Sewald noted that as interesting as those items are, Alex didn’t love them only as objects. “He loved the people who dreamed-up their concepts and the people who made them,” Sewald said. “He always told me that what he really collected were people.”

Sewald said the when he moved to the city 22 years ago, he became one of the people that Mr. Shear collected. “Alex encouraged me in times of doubt and celebrated my victories,” Sewald recalled. “Alex would have answered his phone at 3 a.m. and driven hundreds of miles to help me if I truly needed him. He was singular.”

This collision happened on January 10, 2014 near Broadway and 96th Street in Manhattan. See details in the Mean Streets Tracker.

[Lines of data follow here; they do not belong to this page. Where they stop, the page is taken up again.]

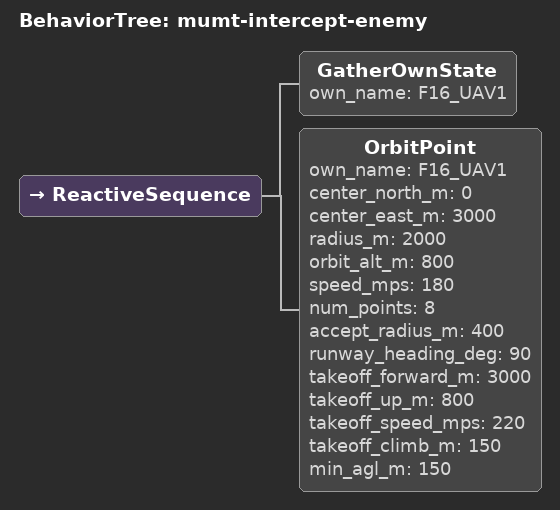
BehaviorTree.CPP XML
<?xml version="1.0" encoding="UTF-8"?>
<root BTCPP_format="4">
  <BehaviorTree ID="mumt-intercept-enemy">

    <!-- ===== F16_UAV1 = 적기(Enemy) : 이륙 → 스폰 동쪽 3km 중심·반경 2km 원 선회 =====
         전제: 에디터에서 UHealthComponent(Team=Enemy) + UWeaponComponent 부착.
         반경 2km·180m/s = 폐루프 검증값 (8점 순회, 반경오차 ~113m). -->
    <ReactiveSequence>
      <GatherOwnState own_name="F16_UAV1"/>
      <OrbitPoint own_name="F16_UAV1"
                  center_north_m="0" center_east_m="3000" radius_m="2000"
                  orbit_alt_m="800" speed_mps="180" num_points="8" accept_radius_m="400"
                  runway_heading_deg="90" takeoff_forward_m="3000" takeoff_up_m="800"
                  takeoff_speed_mps="220" takeoff_climb_m="150" min_agl_m="150"/>
    </ReactiveSequence>

  </BehaviorTree>
</root>

Mean Streets 2014: Who We Lost, How They Lived

Throughout 2014, WNYC tracked the 265 men, women and children killed in traffic crashes in New York City. In addition to reporting the circumstances of their deaths, we looked at who they were in life: mothers, fathers, grandparents, students, recent immigrants and native New Yorkers. To read some of their stories, click on a photograph.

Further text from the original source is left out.